TASK OBJECTIVE: With the line that contains "up to 380Watts" as the final line, return every line from the start of the data below exactly.
+++ GIVEN DATA
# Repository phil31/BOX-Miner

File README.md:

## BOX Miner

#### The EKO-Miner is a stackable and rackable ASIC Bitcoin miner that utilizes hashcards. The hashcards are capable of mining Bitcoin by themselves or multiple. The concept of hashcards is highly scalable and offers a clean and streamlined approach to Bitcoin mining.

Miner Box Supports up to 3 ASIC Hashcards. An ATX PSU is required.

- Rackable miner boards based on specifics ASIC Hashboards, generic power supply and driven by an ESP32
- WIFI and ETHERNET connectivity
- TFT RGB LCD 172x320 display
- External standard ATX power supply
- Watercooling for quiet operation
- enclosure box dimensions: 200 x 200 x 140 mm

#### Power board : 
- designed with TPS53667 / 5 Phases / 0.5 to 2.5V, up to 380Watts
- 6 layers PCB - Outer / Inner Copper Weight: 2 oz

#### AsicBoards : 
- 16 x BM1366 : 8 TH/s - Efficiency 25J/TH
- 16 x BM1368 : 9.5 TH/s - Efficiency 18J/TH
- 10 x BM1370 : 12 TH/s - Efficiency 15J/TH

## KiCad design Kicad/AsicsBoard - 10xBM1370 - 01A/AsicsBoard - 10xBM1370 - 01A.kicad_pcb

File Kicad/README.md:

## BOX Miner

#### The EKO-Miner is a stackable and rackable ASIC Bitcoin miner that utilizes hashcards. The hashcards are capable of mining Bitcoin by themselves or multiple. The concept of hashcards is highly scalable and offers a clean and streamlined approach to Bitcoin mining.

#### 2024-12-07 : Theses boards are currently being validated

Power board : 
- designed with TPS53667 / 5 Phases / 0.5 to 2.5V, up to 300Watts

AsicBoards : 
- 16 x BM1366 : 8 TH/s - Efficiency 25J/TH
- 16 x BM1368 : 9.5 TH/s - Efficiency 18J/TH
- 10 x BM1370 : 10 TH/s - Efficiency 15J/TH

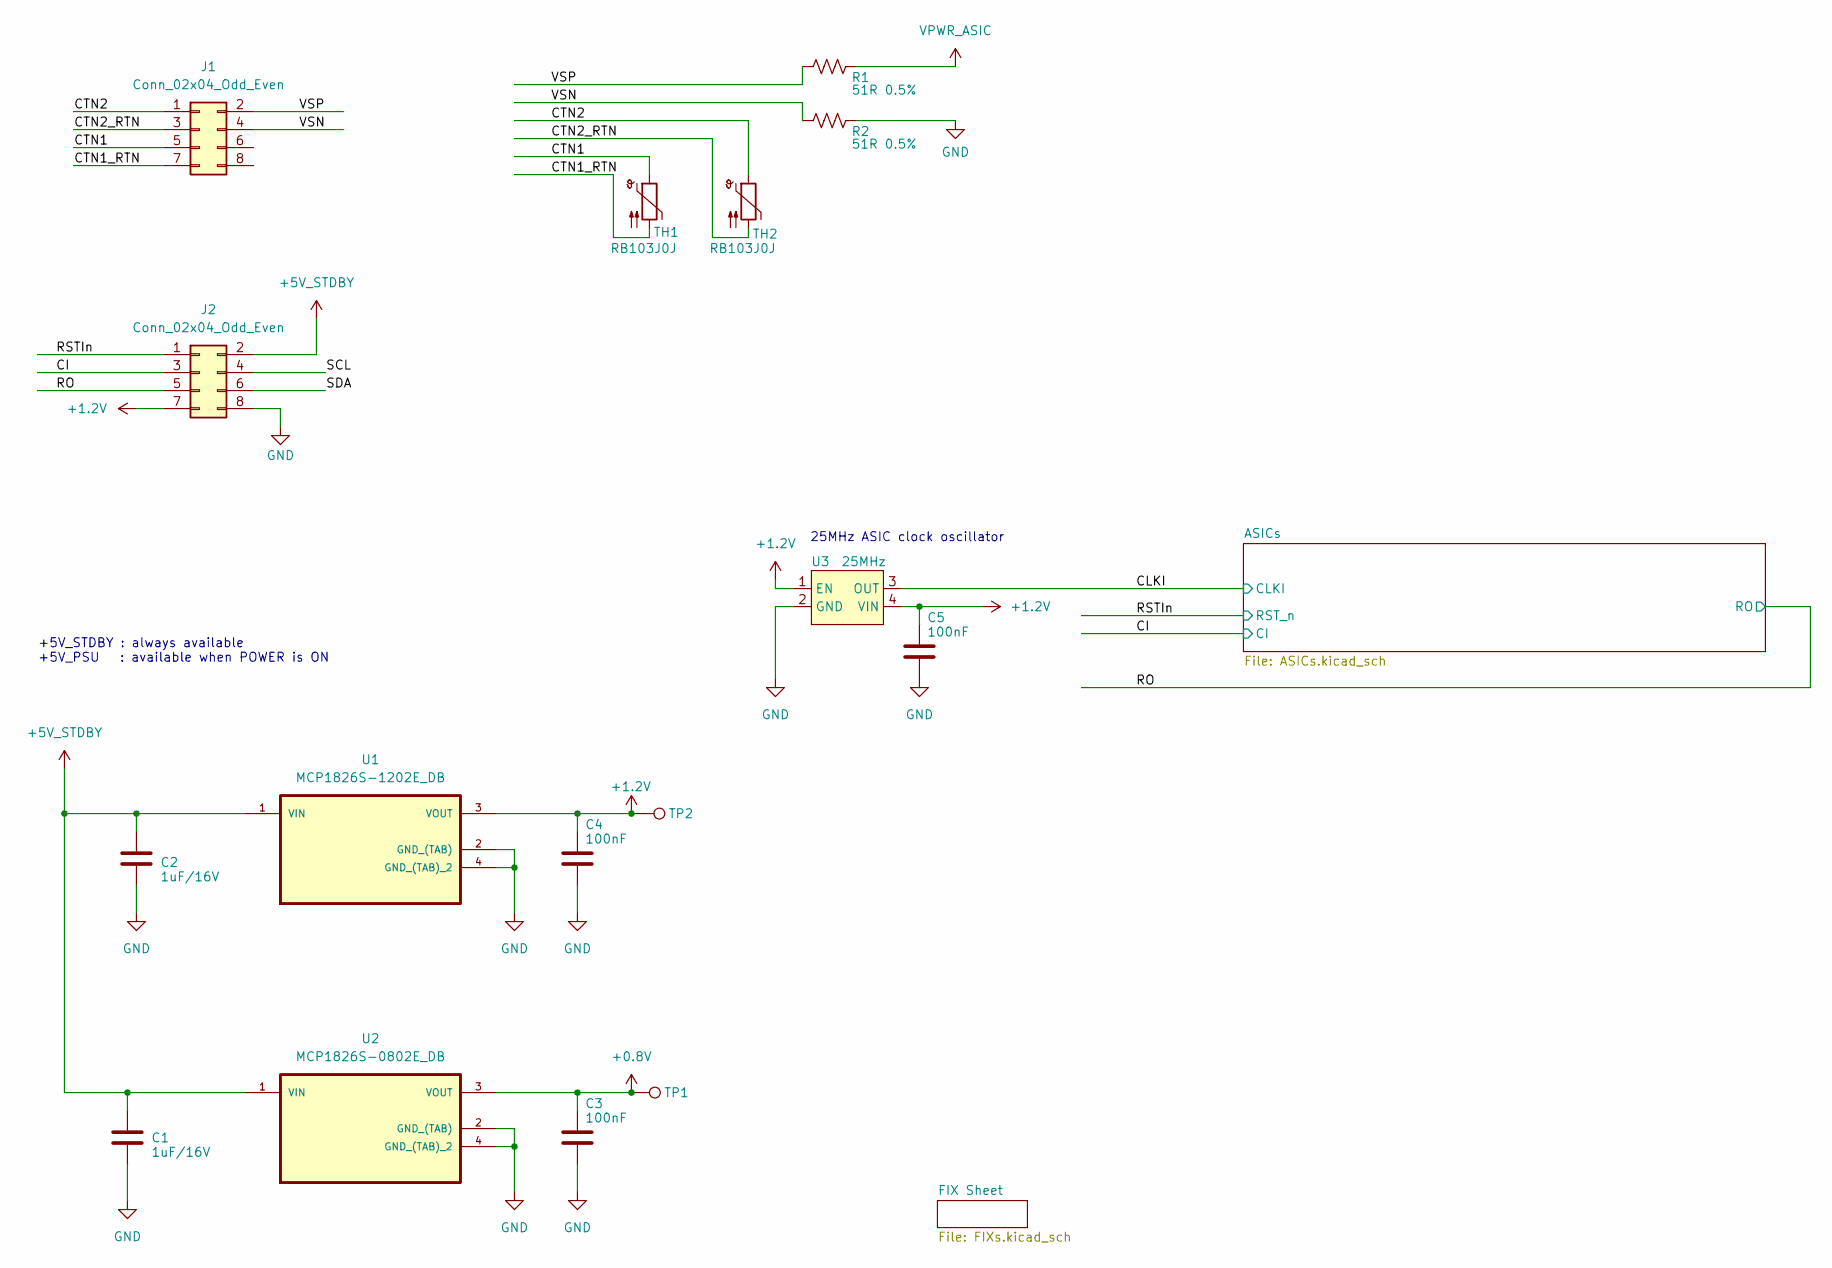
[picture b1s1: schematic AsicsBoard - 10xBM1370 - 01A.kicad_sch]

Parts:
C1, C2: 1uF/16V; C_0805_2012Metric_Pad1.18x1.45mm_HandSolder
C3, C4, C5: 100nF; C_0402_1005Metric
J1, J2: Conn_02x04_Odd_Even; PinHeader_2x04_P2.54mm_Vertical_SMD
R1, R2: 51R 0.5%; R_0805_2012Metric_Pad1.20x1.40mm_HandSolder
TH1, TH2: RB103J0J; R_0603_1608Metric
TP1, TP2: TestPoint; TestPoint_Pad_D1.0mm
U1: MCP1826S-1202E_DB; MCP1826S
U2: MCP1826S-0802E_DB; MCP1826S
U3: 25MHz; OSC_SMD_3.2x2.5mm

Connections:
+0.8V: C3.1, TP1.1, U2.3 (VOUT); also elsewhere on the board
+1.2V: C4.1, C5.1, J2.7, TP2.1, U1.3 (VOUT), U3.1 (EN), U3.4 (VIN); also elsewhere on the board
+5V_STDBY: C1.1, C2.1, J2.2, U1.1 (VIN), U2.1 (VIN)
/CI: J2.3; also elsewhere on the board
/CLKI: U3.3 (OUT); also elsewhere on the board
/CTN1: J1.5, TH1.1
/CTN1_RTN: J1.7, TH1.2
/CTN2: J1.1, TH2.1
/CTN2_RTN: J1.3, TH2.2
/RO: J2.5; also elsewhere on the board
/RSTIn: J2.1; also elsewhere on the board
/SCL: J2.4
/SDA: J2.6
/VSN: J1.4, R2.2
/VSP: J1.2, R1.2
GND: C1.2, C2.2, C3.2, C4.2, C5.2, J2.8, R2.1, U1.2 (GND_(TAB)), U1.4 (GND_(TAB)_2), U2.2 (GND_(TAB)), U2.4 (GND_(TAB)_2), U3.2 (GND); also elsewhere on the board
VPWR_ASIC: R1.1; also elsewhere on the board

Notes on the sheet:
+5V_STDBY : always available +5V_PSU : available when POWER is ON
25MHz ASIC clock oscillator

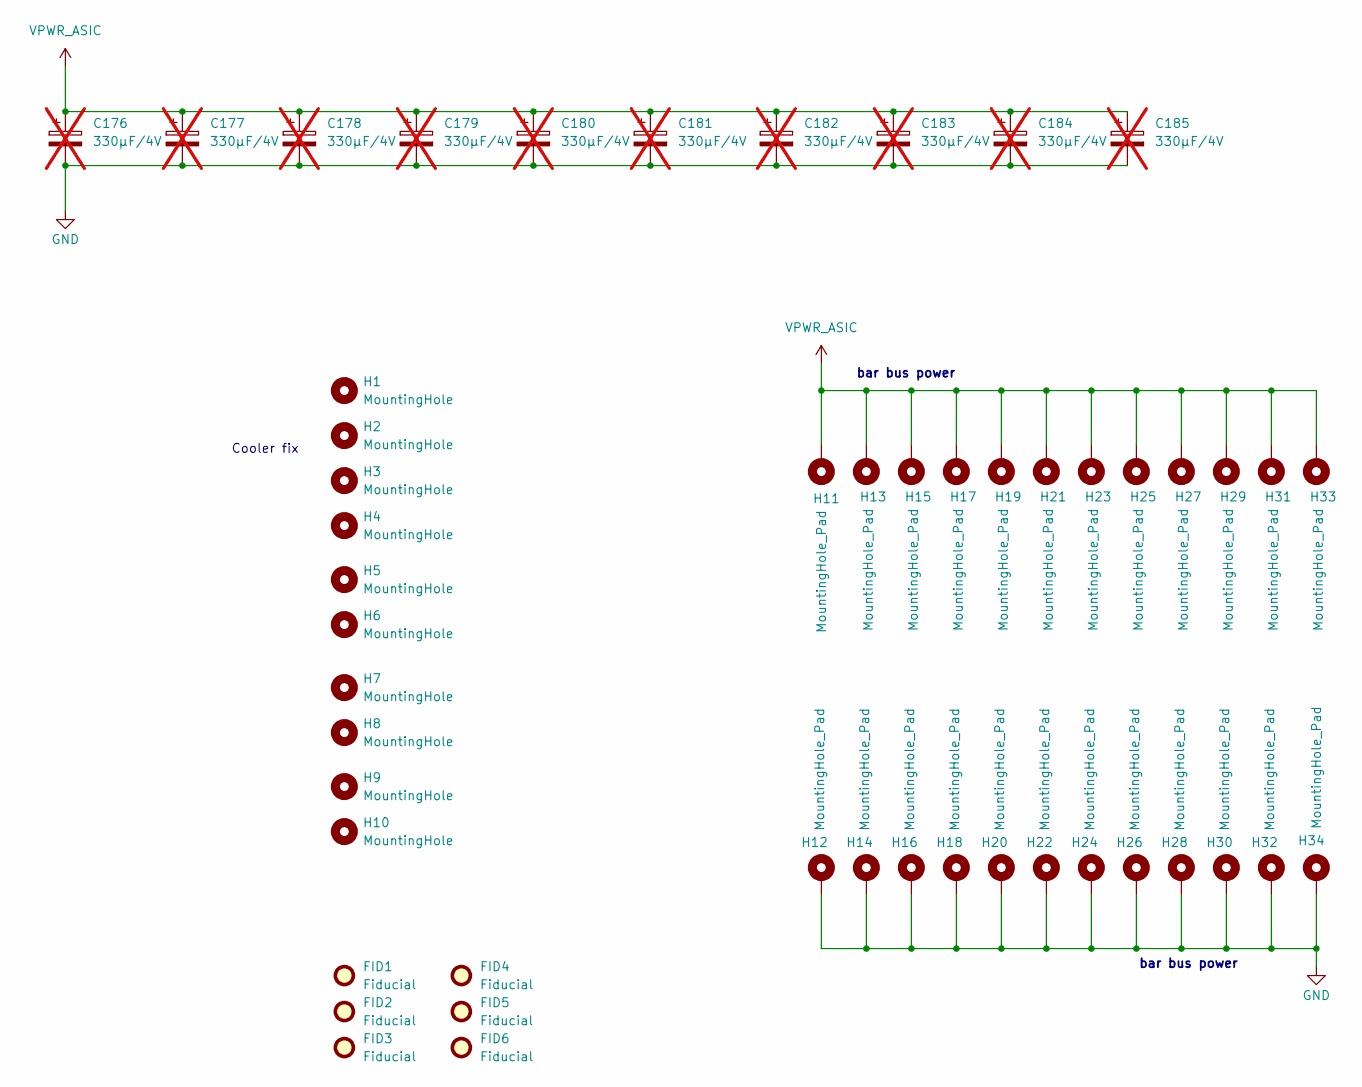
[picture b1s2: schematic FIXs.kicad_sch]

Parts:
C176, C177, C178, C179, C180, C181, C182, C183, C184, C185: 330µF/4V; C_1210_3225Metric; not fitted
FID1, FID2, FID3, FID4, FID5, FID6: Fiducial; Fiducial_1mm_Mask2mm
H1, H2, H3, H4, H5, H6, H7, H8, H9, H10: MountingHole; MountingHole_3.2mm_M3_ISO7380
H11, H12, H13, H14, H15, H16, H17, H18, H19, H20, H21, H22, H23, H24, H25, H26, H27, H28, H29, H30, H31, H32, H33, H34: MountingHole_Pad; SMTSO-M3-10ET

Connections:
GND: C176.2, C177.2, C178.2, C179.2, C180.2, C181.2, C182.2, C183.2, C184.2, C185.2, H12.1, H14.1, H16.1, H18.1, H20.1, H22.1, H24.1, H26.1, H28.1, H30.1, H32.1, H34.1; also elsewhere on the board
VPWR_ASIC: C176.1, C177.1, C178.1, C179.1, C180.1, C181.1, C182.1, C183.1, C184.1, C185.1, H11.1, H13.1, H15.1, H17.1, H19.1, H21.1, H23.1, H25.1, H27.1, H29.1, H31.1, H33.1; also elsewhere on the board

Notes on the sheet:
bar bus power
Cooler fix

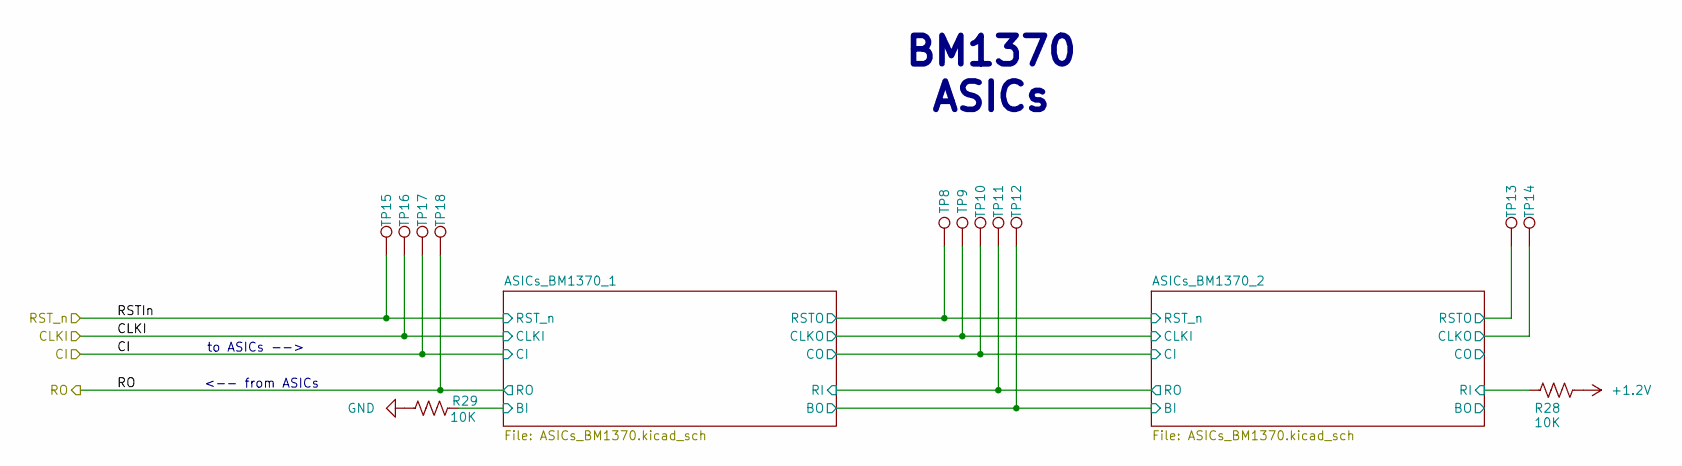
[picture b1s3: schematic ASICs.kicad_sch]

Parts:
R28, R29: 10K; R_0402_1005Metric
TP8, TP9, TP10, TP11, TP12, TP13, TP14, TP15, TP16, TP17, TP18: TestPoint; TestPoint_Pad_D1.0mm

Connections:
+1.2V: R28.1; also elsewhere on the board
/ASICs/ASICs_BM1370_1/BM1370-0/BI: R29.2; also elsewhere on the board
/ASICs/ASICs_BM1370_1/BM1370-4/BO: TP12.1; also elsewhere on the board
/ASICs/ASICs_BM1370_1/BM1370-4/CLKO: TP9.1; also elsewhere on the board
/ASICs/ASICs_BM1370_1/BM1370-4/CO: TP10.1; also elsewhere on the board
/ASICs/ASICs_BM1370_1/BM1370-4/RI: TP11.1; also elsewhere on the board
/ASICs/ASICs_BM1370_1/BM1370-4/RSTO_n: TP8.1; also elsewhere on the board
/ASICs/ASICs_BM1370_2/BM1370-4/CLKO: TP14.1; also elsewhere on the board
/ASICs/ASICs_BM1370_2/BM1370-4/RI: R28.2; also elsewhere on the board
/ASICs/ASICs_BM1370_2/BM1370-4/RSTO_n: TP13.1; also elsewhere on the board
/CI: TP17.1; also elsewhere on the board
/CLKI: TP16.1; also elsewhere on the board
/RO: TP18.1; also elsewhere on the board
/RSTIn: TP15.1; also elsewhere on the board
GND: R29.1; also elsewhere on the board

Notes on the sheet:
BM1370 ASICs
<-- from ASICs
to ASICs -->

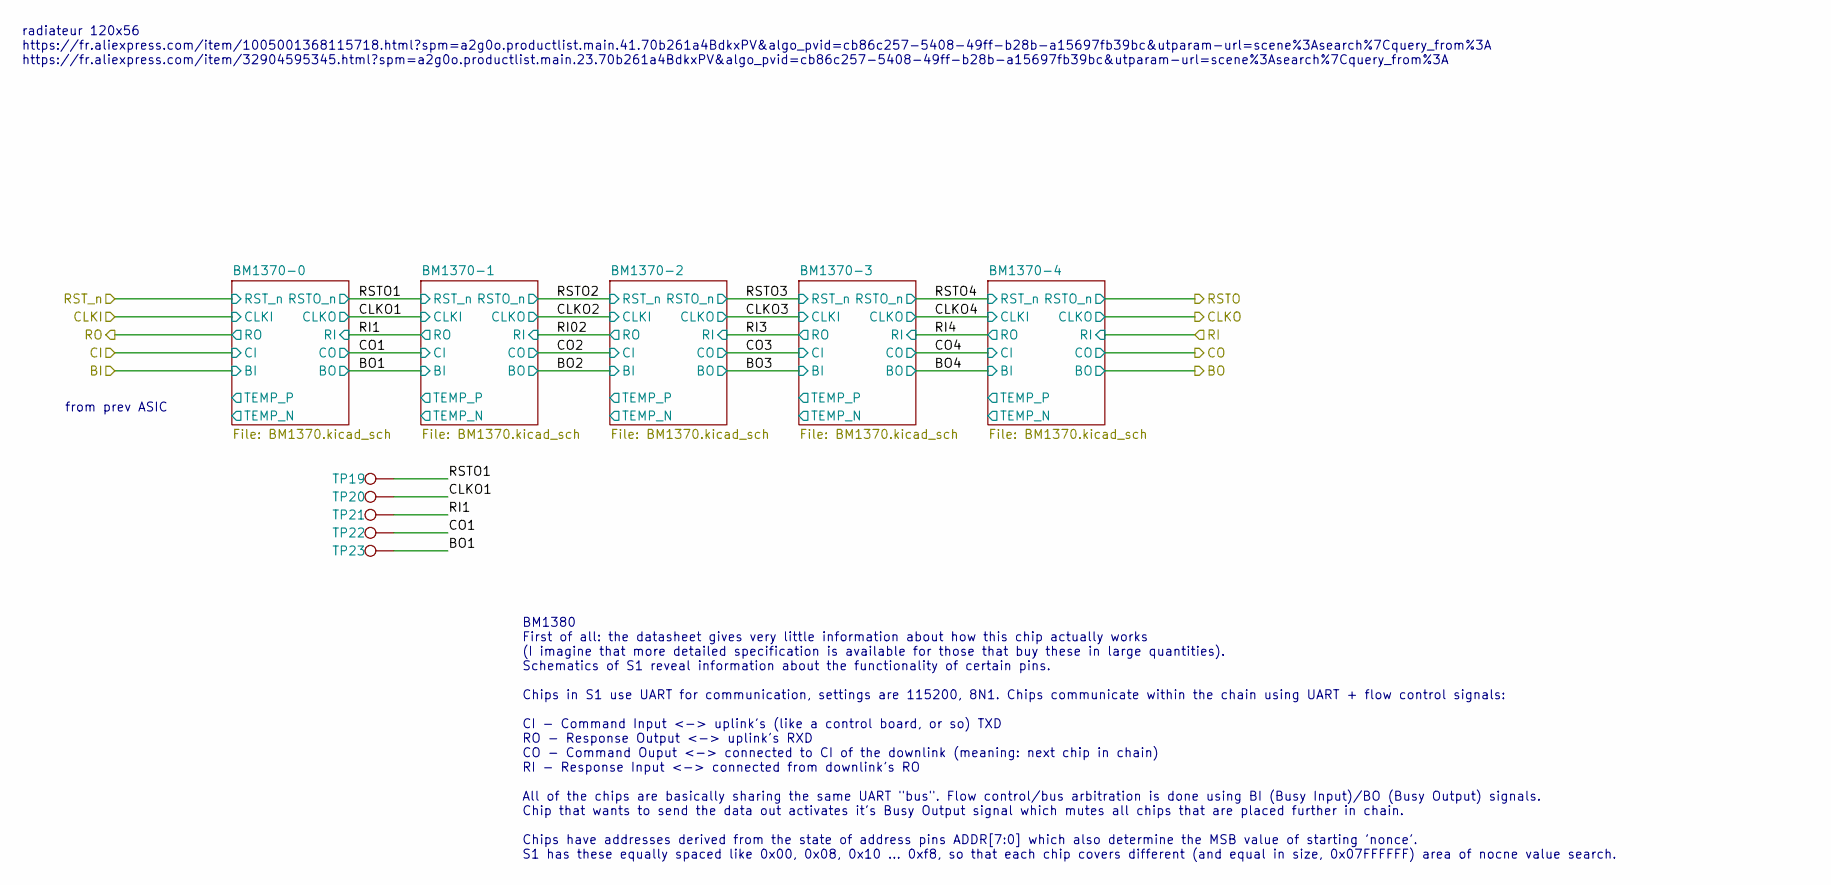
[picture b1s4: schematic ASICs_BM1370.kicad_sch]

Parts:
TP19, TP20, TP21, TP22, TP23: TestPoint; TestPoint_Pad_D1.0mm

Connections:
/ASICs/ASICs_BM1370_2/BO1: TP23.1; also elsewhere on the board
/ASICs/ASICs_BM1370_2/CLKO1: TP20.1; also elsewhere on the board
/ASICs/ASICs_BM1370_2/CO1: TP22.1; also elsewhere on the board
/ASICs/ASICs_BM1370_2/RI1: TP21.1; also elsewhere on the board
/ASICs/ASICs_BM1370_2/RSTO1: TP19.1; also elsewhere on the board

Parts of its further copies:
TP3, TP4, TP5, TP6, TP7: TestPoint; TestPoint_Pad_D1.0mm

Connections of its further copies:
/ASICs/ASICs_BM1370_1/BO1: TP7.1; also elsewhere on the board
/ASICs/ASICs_BM1370_1/CLKO1: TP4.1; also elsewhere on the board
/ASICs/ASICs_BM1370_1/CO1: TP6.1; also elsewhere on the board
/ASICs/ASICs_BM1370_1/RI1: TP5.1; also elsewhere on the board
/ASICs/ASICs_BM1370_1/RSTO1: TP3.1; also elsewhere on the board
++++++
WRITTEN REPLY:
# Repository phil31/BOX-Miner

File README.md:

## BOX Miner

#### The EKO-Miner is a stackable and rackable ASIC Bitcoin miner that utilizes hashcards. The hashcards are capable of mining Bitcoin by themselves or multiple. The concept of hashcards is highly scalable and offers a clean and streamlined approach to Bitcoin mining.

Miner Box Supports up to 3 ASIC Hashcards. An ATX PSU is required.

- Rackable miner boards based on specifics ASIC Hashboards, generic power supply and driven by an ESP32
- WIFI and ETHERNET connectivity
- TFT RGB LCD 172x320 display
- External standard ATX power supply
- Watercooling for quiet operation
- enclosure box dimensions: 200 x 200 x 140 mm

#### Power board : 
- designed with TPS53667 / 5 Phases / 0.5 to 2.5V, up to 380Watts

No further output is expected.